From the data below, retype exactly the lines starting with the one that contains "line L192 (2, 18.638) -> (-3.5, 15.4626)" and ending with the one that contains "line L209 (14.5, 5.0703) -> (14.5, -1.2805)", both included.

**Records drawn from a dataset:**
######

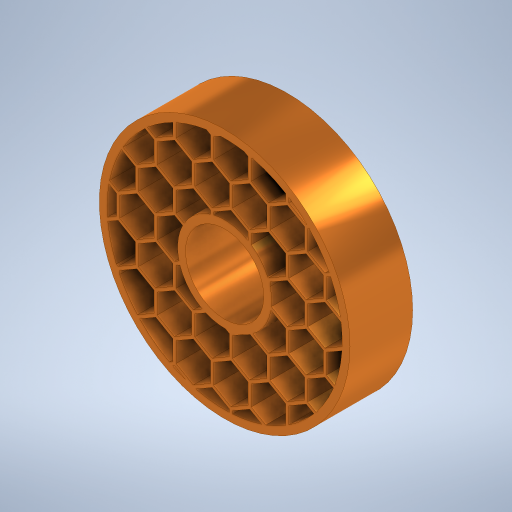
# Autodesk Inventor part: Idea3
Saved by Autodesk Inventor 2024.2 (Build 282272000, 272)
## iProperties
Created: 2025-07-14
Part Number: Idea3
Material: Generic
Document SubType Name: Modeling
Designer: Admin
Density: 1 g/cm^3
Appearance: Metal 1600F Hot
Author: Admin
Autodesk Inventor part; units mm, degrees
ref_plane "YZ Plane" through (0, 0, 0) normal (1, 0, 0) x (0, 1, 0)
ref_plane "XZ Plane" through (0, 0, 0) normal (0, 1, 0) x (-1, 0, 0)
ref_plane "XY Plane" through (0, 0, 0) normal (0, 0, 1) x (1, 0, 0)
sketch "Sketch1" plane through (0, 0, 0) normal (0, 0, 1) x (1, 0, 0)
  circle A0 centre (0, 0) radius 12.5
  circle A1 centre (0, 0) radius 40
  circle A2 centre (0, 0) radius 37.5
  circle A3 centre (0, 0) radius 15
  line L0 (0, 15) -> (0, 37.5) construction
  dimension "d2" = 75
  dimension "d3" = 30
  dimension "d0" = 25
  dimension "d1" = 80
  dimension "d4" = 22.5
  constraints: 4 coincident, 2 centre point, 2 end point, 2 vertical alignment, 1 vertical, 4 other
  measures "d0" diameter of A0
  measures "d1" diameter of A1
  measures "d4" distance of L0.start L0.end
extrude "Extrusion1" add sketch "Sketch1" along normal blind 20
sketch "Sketch2" plane through (0, 0, 20) normal (0, 0, 1) x (1, 0, 0)
  line L0 (40, -40) -> (-40, -40)
  line L1 (-40, -40) -> (-40, 40)
  line L2 (-40, 40) -> (40, 40)
  line L3 (40, 40) -> (40, -40)
  circle A0 centre (0, 0) radius 12.5 projected
  line L4 (40, -40) -> (-40, 40) construction
  line L5 (-40, -40) -> (40, 40) construction
  line L6 (-40, 40) -> (-64, 40) construction
  line L7 (-64, 40) -> (-64, -40) construction
  line L8 (-64, -40) -> (-40, -40)
  line L9 (-40, -40) -> (-40, 40)
  line L10 (-58, 40) -> (-52, 36.5359)
  line L11 (-52, 36.5359) -> (-52, 29.6077)
  line L12 (-58, 26.1436) -> (-64, 29.6077)
  line L13 (-64, 29.6077) -> (-64, 36.5359)
  line L14 (-64, 36.5359) -> (-58, 40)
  line L15 (-58, 33.0718) -> (-52, 22.6795) construction
  line L16 (-52, 29.6077) -> (-46, 26.1436)
  line L17 (-46, 26.1436) -> (-46, 19.2154)
  line L18 (-46, 19.2154) -> (-52, 15.7513)
  line L19 (-52, 15.7513) -> (-58, 19.2154)
  line L20 (-58, 19.2154) -> (-58, 26.1436)
  line L21 (-58, 26.1436) -> (-52, 29.6077)
  line L22 (-52.5, 36.2472) -> (-58, 39.4226)
  line L23 (-58, 39.4226) -> (-63.5, 36.2472)
  line L24 (-63.5, 36.2472) -> (-63.5, 29.8964)
  line L25 (-63.5, 29.8964) -> (-58, 26.7209)
  line L26 (-58, 26.7209) -> (-52.5, 29.8964)
  line L27 (-52.5, 29.8964) -> (-52.5, 36.2472)
  line L28 (-46.5, 25.8549) -> (-52, 29.0303)
  line L29 (-52, 29.0303) -> (-57.5, 25.8549)
  line L30 (-57.5, 25.8549) -> (-57.5, 19.5041)
  line L31 (-57.5, 19.5041) -> (-52, 16.3286)
  line L32 (-52, 16.3286) -> (-46.5, 19.5041)
  line L33 (-46.5, 19.5041) -> (-46.5, 25.8549)
  line L34 (-40.5, 36.2472) -> (-46, 39.4226)
  line L35 (-40.5, 29.8964) -> (-40.5, 36.2472)
  line L36 (-46, 39.4226) -> (-51.5, 36.2472)
  line L37 (-51.5, 36.2472) -> (-51.5, 29.8964)
  line L38 (-51.5, 29.8964) -> (-46, 26.7209)
  line L39 (-46, 26.7209) -> (-40.5, 29.8964)
  line L40 (-40, 29.0303) -> (-45.5, 25.8549)
  line L41 (-45.5, 25.8549) -> (-45.5, 19.5041)
  line L42 (-34.5, 25.8549) -> (-40, 29.0303)
  line L43 (-34.5, 19.5041) -> (-34.5, 25.8549)
  line L44 (-40, 16.3286) -> (-34.5, 19.5041)
  line L45 (-45.5, 19.5041) -> (-40, 16.3286)
  line L46 (-28.5, 36.2472) -> (-34, 39.4226)
  line L47 (-28.5, 29.8964) -> (-28.5, 36.2472)
  line L48 (-34, 39.4226) -> (-39.5, 36.2472)
  line L49 (-39.5, 36.2472) -> (-39.5, 29.8964)
  line L50 (-39.5, 29.8964) -> (-34, 26.7209)
  line L51 (-34, 26.7209) -> (-28.5, 29.8964)
  line L52 (-28, 29.0303) -> (-33.5, 25.8549)
  line L53 (-33.5, 25.8549) -> (-33.5, 19.5041)
  line L54 (-22.5, 25.8549) -> (-28, 29.0303)
  line L55 (-22.5, 19.5041) -> (-22.5, 25.8549)
  line L56 (-28, 16.3286) -> (-22.5, 19.5041)
  line L57 (-33.5, 19.5041) -> (-28, 16.3286)
  line L58 (-16.5, 36.2472) -> (-22, 39.4226)
  line L59 (-16.5, 29.8964) -> (-16.5, 36.2472)
  line L60 (-22, 39.4226) -> (-27.5, 36.2472)
  line L61 (-27.5, 36.2472) -> (-27.5, 29.8964)
  line L62 (-27.5, 29.8964) -> (-22, 26.7209)
  line L63 (-22, 26.7209) -> (-16.5, 29.8964)
  line L64 (-16, 29.0303) -> (-21.5, 25.8549)
  line L65 (-21.5, 25.8549) -> (-21.5, 19.5041)
  line L66 (-10.5, 25.8549) -> (-16, 29.0303)
  line L67 (-10.5, 19.5041) -> (-10.5, 25.8549)
  line L68 (-16, 16.3286) -> (-10.5, 19.5041)
  line L69 (-21.5, 19.5041) -> (-16, 16.3286)
  line L70 (-4.5, 36.2472) -> (-10, 39.4226)
  line L71 (-4.5, 29.8964) -> (-4.5, 36.2472)
  line L72 (-10, 39.4226) -> (-15.5, 36.2472)
  line L73 (-15.5, 36.2472) -> (-15.5, 29.8964)
  line L74 (-15.5, 29.8964) -> (-10, 26.7209)
  line L75 (-10, 26.7209) -> (-4.5, 29.8964)
  line L76 (-4, 29.0303) -> (-9.5, 25.8549)
  line L77 (-9.5, 25.8549) -> (-9.5, 19.5041)
  line L78 (1.5, 25.8549) -> (-4, 29.0303)
  line L79 (1.5, 19.5041) -> (1.5, 25.8549)
  line L80 (-4, 16.3286) -> (1.5, 19.5041)
  line L81 (-9.5, 19.5041) -> (-4, 16.3286)
  line L82 (7.5, 36.2472) -> (2, 39.4226)
  line L83 (7.5, 29.8964) -> (7.5, 36.2472)
  line L84 (2, 39.4226) -> (-3.5, 36.2472)
  line L85 (-3.5, 36.2472) -> (-3.5, 29.8964)
  line L86 (-3.5, 29.8964) -> (2, 26.7209)
  line L87 (2, 26.7209) -> (7.5, 29.8964)
  line L88 (8, 29.0303) -> (2.5, 25.8549)
  line L89 (2.5, 25.8549) -> (2.5, 19.5041)
  line L90 (13.5, 25.8549) -> (8, 29.0303)
  line L91 (13.5, 19.5041) -> (13.5, 25.8549)
  line L92 (8, 16.3286) -> (13.5, 19.5041)
  line L93 (2.5, 19.5041) -> (8, 16.3286)
  line L94 (19.5, 36.2472) -> (14, 39.4226)
  line L95 (19.5, 29.8964) -> (19.5, 36.2472)
  line L96 (14, 39.4226) -> (8.5, 36.2472)
  line L97 (8.5, 36.2472) -> (8.5, 29.8964)
  line L98 (8.5, 29.8964) -> (14, 26.7209)
  line L99 (14, 26.7209) -> (19.5, 29.8964)
  line L100 (20, 29.0303) -> (14.5, 25.8549)
  line L101 (14.5, 25.8549) -> (14.5, 19.5041)
  line L102 (25.5, 25.8549) -> (20, 29.0303)
  line L103 (25.5, 19.5041) -> (25.5, 25.8549)
  line L104 (20, 16.3286) -> (25.5, 19.5041)
  line L105 (14.5, 19.5041) -> (20, 16.3286)
  line L106 (31.5, 36.2472) -> (26, 39.4226)
  line L107 (31.5, 29.8964) -> (31.5, 36.2472)
  line L108 (26, 39.4226) -> (20.5, 36.2472)
  line L109 (20.5, 36.2472) -> (20.5, 29.8964)
  line L110 (20.5, 29.8964) -> (26, 26.7209)
  line L111 (26, 26.7209) -> (31.5, 29.8964)
  line L112 (32, 29.0303) -> (26.5, 25.8549)
  line L113 (26.5, 25.8549) -> (26.5, 19.5041)
  line L114 (37.5, 25.8549) -> (32, 29.0303)
  line L115 (37.5, 19.5041) -> (37.5, 25.8549)
  line L116 (32, 16.3286) -> (37.5, 19.5041)
  line L117 (26.5, 19.5041) -> (32, 16.3286)
  line L118 (43.5, 36.2472) -> (38, 39.4226)
  line L119 (43.5, 29.8964) -> (43.5, 36.2472)
  line L120 (38, 39.4226) -> (32.5, 36.2472)
  line L121 (32.5, 36.2472) -> (32.5, 29.8964)
  line L122 (32.5, 29.8964) -> (38, 26.7209)
  line L123 (38, 26.7209) -> (43.5, 29.8964)
  line L124 (44, 29.0303) -> (38.5, 25.8549)
  line L125 (38.5, 25.8549) -> (38.5, 19.5041)
  line L126 (49.5, 25.8549) -> (44, 29.0303)
  line L127 (49.5, 19.5041) -> (49.5, 25.8549)
  line L128 (44, 16.3286) -> (49.5, 19.5041)
  line L129 (38.5, 19.5041) -> (44, 16.3286)
  line L130 (-52.5, 15.4626) -> (-58, 18.638)
  line L131 (-52.5, 9.1118) -> (-52.5, 15.4626)
  line L132 (-58, 18.638) -> (-63.5, 15.4626)
  line L133 (-63.5, 15.4626) -> (-63.5, 9.1118)
  line L134 (-63.5, 9.1118) -> (-58, 5.9363)
  line L135 (-58, 5.9363) -> (-52.5, 9.1118)
  line L136 (-52, 8.2457) -> (-57.5, 5.0703)
  line L137 (-57.5, 5.0703) -> (-57.5, -1.2805)
  line L138 (-46.5, 5.0703) -> (-52, 8.2457)
  line L139 (-46.5, -1.2805) -> (-46.5, 5.0703)
  line L140 (-52, -4.456) -> (-46.5, -1.2805)
  line L141 (-57.5, -1.2805) -> (-52, -4.456)
  line L142 (-40.5, 15.4626) -> (-46, 18.638)
  line L143 (-40.5, 9.1118) -> (-40.5, 15.4626)
  line L144 (-46, 18.638) -> (-51.5, 15.4626)
  line L145 (-51.5, 15.4626) -> (-51.5, 9.1118)
  line L146 (-51.5, 9.1118) -> (-46, 5.9363)
  line L147 (-46, 5.9363) -> (-40.5, 9.1118)
  line L148 (-40, 8.2457) -> (-45.5, 5.0703)
  line L149 (-45.5, 5.0703) -> (-45.5, -1.2805)
  line L150 (-34.5, 5.0703) -> (-40, 8.2457)
  line L151 (-34.5, -1.2805) -> (-34.5, 5.0703)
  line L152 (-40, -4.456) -> (-34.5, -1.2805)
  line L153 (-45.5, -1.2805) -> (-40, -4.456)
  line L154 (-28.5, 15.4626) -> (-34, 18.638)
  line L155 (-28.5, 9.1118) -> (-28.5, 15.4626)
  line L156 (-34, 18.638) -> (-39.5, 15.4626)
  line L157 (-39.5, 15.4626) -> (-39.5, 9.1118)
  line L158 (-39.5, 9.1118) -> (-34, 5.9363)
  line L159 (-34, 5.9363) -> (-28.5, 9.1118)
  line L160 (-28, 8.2457) -> (-33.5, 5.0703)
  line L161 (-33.5, 5.0703) -> (-33.5, -1.2805)
  line L162 (-22.5, 5.0703) -> (-28, 8.2457)
  line L163 (-22.5, -1.2805) -> (-22.5, 5.0703)
  line L164 (-28, -4.456) -> (-22.5, -1.2805)
  line L165 (-33.5, -1.2805) -> (-28, -4.456)
  line L166 (-16.5, 15.4626) -> (-22, 18.638)
  line L167 (-16.5, 9.1118) -> (-16.5, 15.4626)
  line L168 (-22, 18.638) -> (-27.5, 15.4626)
  line L169 (-27.5, 15.4626) -> (-27.5, 9.1118)
  line L170 (-27.5, 9.1118) -> (-22, 5.9363)
  line L171 (-22, 5.9363) -> (-16.5, 9.1118)
  line L172 (-16, 8.2457) -> (-21.5, 5.0703)
  line L173 (-21.5, 5.0703) -> (-21.5, -1.2805)
  line L174 (-10.5, 5.0703) -> (-16, 8.2457)
  line L175 (-10.5, -1.2805) -> (-10.5, 5.0703)
  line L176 (-16, -4.456) -> (-10.5, -1.2805)
  line L177 (-21.5, -1.2805) -> (-16, -4.456)
  line L178 (-4.5, 15.4626) -> (-10, 18.638)
  line L179 (-4.5, 9.1118) -> (-4.5, 15.4626)
  line L180 (-10, 18.638) -> (-15.5, 15.4626)
  line L181 (-15.5, 15.4626) -> (-15.5, 9.1118)
  line L182 (-15.5, 9.1118) -> (-10, 5.9363)
  line L183 (-10, 5.9363) -> (-4.5, 9.1118)
  line L184 (-4, 8.2457) -> (-9.5, 5.0703)
  line L185 (-9.5, 5.0703) -> (-9.5, -1.2805)
  line L186 (1.5, 5.0703) -> (-4, 8.2457)
  line L187 (1.5, -1.2805) -> (1.5, 5.0703)
  line L188 (-4, -4.456) -> (1.5, -1.2805)
  line L189 (-9.5, -1.2805) -> (-4, -4.456)
  line L190 (7.5, 15.4626) -> (2, 18.638)
  line L191 (7.5, 9.1118) -> (7.5, 15.4626)
  line L192 (2, 18.638) -> (-3.5, 15.4626)
  line L193 (-3.5, 15.4626) -> (-3.5, 9.1118)
  line L194 (-3.5, 9.1118) -> (2, 5.9363)
  line L195 (2, 5.9363) -> (7.5, 9.1118)
  line L196 (8, 8.2457) -> (2.5, 5.0703)
  line L197 (2.5, 5.0703) -> (2.5, -1.2805)
  line L198 (13.5, 5.0703) -> (8, 8.2457)
  line L199 (13.5, -1.2805) -> (13.5, 5.0703)
  line L200 (8, -4.456) -> (13.5, -1.2805)
  line L201 (2.5, -1.2805) -> (8, -4.456)
  line L202 (19.5, 15.4626) -> (14, 18.638)
  line L203 (19.5, 9.1118) -> (19.5, 15.4626)
  line L204 (14, 18.638) -> (8.5, 15.4626)
  line L205 (8.5, 15.4626) -> (8.5, 9.1118)
  line L206 (8.5, 9.1118) -> (14, 5.9363)
  line L207 (14, 5.9363) -> (19.5, 9.1118)
  line L208 (20, 8.2457) -> (14.5, 5.0703)
  line L209 (14.5, 5.0703) -> (14.5, -1.2805)
  line L210 (25.5, 5.0703) -> (20, 8.2457)
  line L211 (25.5, -1.2805) -> (25.5, 5.0703)
  line L212 (20, -4.456) -> (25.5, -1.2805)
  line L213 (14.5, -1.2805) -> (20, -4.456)
  line L214 (31.5, 15.4626) -> (26, 18.638)
  line L215 (31.5, 9.1118) -> (31.5, 15.4626)
  line L216 (26, 18.638) -> (20.5, 15.4626)
  line L217 (20.5, 15.4626) -> (20.5, 9.1118)
  line L218 (20.5, 9.1118) -> (26, 5.9363)
  line L219 (26, 5.9363) -> (31.5, 9.1118)
  line L220 (32, 8.2457) -> (26.5, 5.0703)
  line L221 (26.5, 5.0703) -> (26.5, -1.2805)
  line L222 (37.5, 5.0703) -> (32, 8.2457)
  line L223 (37.5, -1.2805) -> (37.5, 5.0703)
  line L224 (32, -4.456) -> (37.5, -1.2805)
  line L225 (26.5, -1.2805) -> (32, -4.456)
  line L226 (43.5, 15.4626) -> (38, 18.638)
  line L227 (43.5, 9.1118) -> (43.5, 15.4626)
  line L228 (38, 18.638) -> (32.5, 15.4626)
  line L229 (32.5, 15.4626) -> (32.5, 9.1118)
  line L230 (32.5, 9.1118) -> (38, 5.9363)
  line L231 (38, 5.9363) -> (43.5, 9.1118)
  line L232 (44, 8.2457) -> (38.5, 5.0703)
  line L233 (38.5, 5.0703) -> (38.5, -1.2805)
  line L234 (49.5, 5.0703) -> (44, 8.2457)
  line L235 (49.5, -1.2805) -> (49.5, 5.0703)
  line L236 (44, -4.456) -> (49.5, -1.2805)
  line L237 (38.5, -1.2805) -> (44, -4.456)
  line L238 (-52.5, -5.322) -> (-58, -2.1466)
  line L239 (-52.5, -11.6728) -> (-52.5, -5.322)
  line L240 (-58, -2.1466) -> (-63.5, -5.322)
  line L241 (-63.5, -5.322) -> (-63.5, -11.6728)
  line L242 (-63.5, -11.6728) -> (-58, -14.8483)
  line L243 (-58, -14.8483) -> (-52.5, -11.6728)
  line L244 (-52, -12.5389) -> (-57.5, -15.7143)
  line L245 (-57.5, -15.7143) -> (-57.5, -22.0652)
  line L246 (-46.5, -15.7143) -> (-52, -12.5389)
  line L247 (-46.5, -22.0652) -> (-46.5, -15.7143)
  line L248 (-52, -25.2406) -> (-46.5, -22.0652)
  line L249 (-57.5, -22.0652) -> (-52, -25.2406)
  line L250 (-40.5, -5.322) -> (-46, -2.1466)
  line L251 (-40.5, -11.6728) -> (-40.5, -5.322)
  line L252 (-46, -2.1466) -> (-51.5, -5.322)
  line L253 (-51.5, -5.322) -> (-51.5, -11.6728)
  line L254 (-51.5, -11.6728) -> (-46, -14.8483)
  line L255 (-46, -14.8483) -> (-40.5, -11.6728)
  line L256 (-40, -12.5389) -> (-45.5, -15.7143)
  line L257 (-45.5, -15.7143) -> (-45.5, -22.0652)
  line L258 (-34.5, -15.7143) -> (-40, -12.5389)
  line L259 (-34.5, -22.0652) -> (-34.5, -15.7143)
  line L260 (-40, -25.2406) -> (-34.5, -22.0652)
  line L261 (-45.5, -22.0652) -> (-40, -25.2406)
  line L262 (-28.5, -5.322) -> (-34, -2.1466)
  line L263 (-28.5, -11.6728) -> (-28.5, -5.322)
  line L264 (-34, -2.1466) -> (-39.5, -5.322)
  line L265 (-39.5, -5.322) -> (-39.5, -11.6728)
  line L266 (-39.5, -11.6728) -> (-34, -14.8483)
  line L267 (-34, -14.8483) -> (-28.5, -11.6728)
  line L268 (-28, -12.5389) -> (-33.5, -15.7143)
  line L269 (-33.5, -15.7143) -> (-33.5, -22.0652)
  line L270 (-22.5, -15.7143) -> (-28, -12.5389)
  line L271 (-22.5, -22.0652) -> (-22.5, -15.7143)
  line L272 (-28, -25.2406) -> (-22.5, -22.0652)
  line L273 (-33.5, -22.0652) -> (-28, -25.2406)
  line L274 (-16.5, -5.322) -> (-22, -2.1466)
  line L275 (-16.5, -11.6728) -> (-16.5, -5.322)
  line L276 (-22, -2.1466) -> (-27.5, -5.322)
  line L277 (-27.5, -5.322) -> (-27.5, -11.6728)
  line L278 (-27.5, -11.6728) -> (-22, -14.8483)
  line L279 (-22, -14.8483) -> (-16.5, -11.6728)
  line L280 (-16, -12.5389) -> (-21.5, -15.7143)
  line L281 (-21.5, -15.7143) -> (-21.5, -22.0652)
  line L282 (-10.5, -15.7143) -> (-16, -12.5389)
  line L283 (-10.5, -22.0652) -> (-10.5, -15.7143)
  line L284 (-16, -25.2406) -> (-10.5, -22.0652)
  line L285 (-21.5, -22.0652) -> (-16, -25.2406)
  line L286 (-4.5, -5.322) -> (-10, -2.1466)
  line L287 (-4.5, -11.6728) -> (-4.5, -5.322)
  line L288 (-10, -2.1466) -> (-15.5, -5.322)
  line L289 (-15.5, -5.322) -> (-15.5, -11.6728)
  line L290 (-15.5, -11.6728) -> (-10, -14.8483)
  line L291 (-10, -14.8483) -> (-4.5, -11.6728)
  line L292 (-4, -12.5389) -> (-9.5, -15.7143)
  line L293 (-9.5, -15.7143) -> (-9.5, -22.0652)
  line L294 (1.5, -15.7143) -> (-4, -12.5389)
  line L295 (1.5, -22.0652) -> (1.5, -15.7143)
  line L296 (-4, -25.2406) -> (1.5, -22.0652)
  line L297 (-9.5, -22.0652) -> (-4, -25.2406)
  line L298 (7.5, -5.322) -> (2, -2.1466)
  line L299 (7.5, -11.6728) -> (7.5, -5.322)
  line L300 (2, -2.1466) -> (-3.5, -5.322)
  line L301 (-3.5, -5.322) -> (-3.5, -11.6728)
  line L302 (-3.5, -11.6728) -> (2, -14.8483)
  line L303 (2, -14.8483) -> (7.5, -11.6728)
  line L304 (8, -12.5389) -> (2.5, -15.7143)
  line L305 (2.5, -15.7143) -> (2.5, -22.0652)
  line L306 (13.5, -15.7143) -> (8, -12.5389)
  line L307 (13.5, -22.0652) -> (13.5, -15.7143)
  line L308 (8, -25.2406) -> (13.5, -22.0652)
  line L309 (2.5, -22.0652) -> (8, -25.2406)
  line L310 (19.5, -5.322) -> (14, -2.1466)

######

**Solution to the exercise:**
  line L192 (2, 18.638) -> (-3.5, 15.4626)
  line L193 (-3.5, 15.4626) -> (-3.5, 9.1118)
  line L194 (-3.5, 9.1118) -> (2, 5.9363)
  line L195 (2, 5.9363) -> (7.5, 9.1118)
  line L196 (8, 8.2457) -> (2.5, 5.0703)
  line L197 (2.5, 5.0703) -> (2.5, -1.2805)
  line L198 (13.5, 5.0703) -> (8, 8.2457)
  line L199 (13.5, -1.2805) -> (13.5, 5.0703)
  line L200 (8, -4.456) -> (13.5, -1.2805)
  line L201 (2.5, -1.2805) -> (8, -4.456)
  line L202 (19.5, 15.4626) -> (14, 18.638)
  line L203 (19.5, 9.1118) -> (19.5, 15.4626)
  line L204 (14, 18.638) -> (8.5, 15.4626)
  line L205 (8.5, 15.4626) -> (8.5, 9.1118)
  line L206 (8.5, 9.1118) -> (14, 5.9363)
  line L207 (14, 5.9363) -> (19.5, 9.1118)
  line L208 (20, 8.2457) -> (14.5, 5.0703)
  line L209 (14.5, 5.0703) -> (14.5, -1.2805)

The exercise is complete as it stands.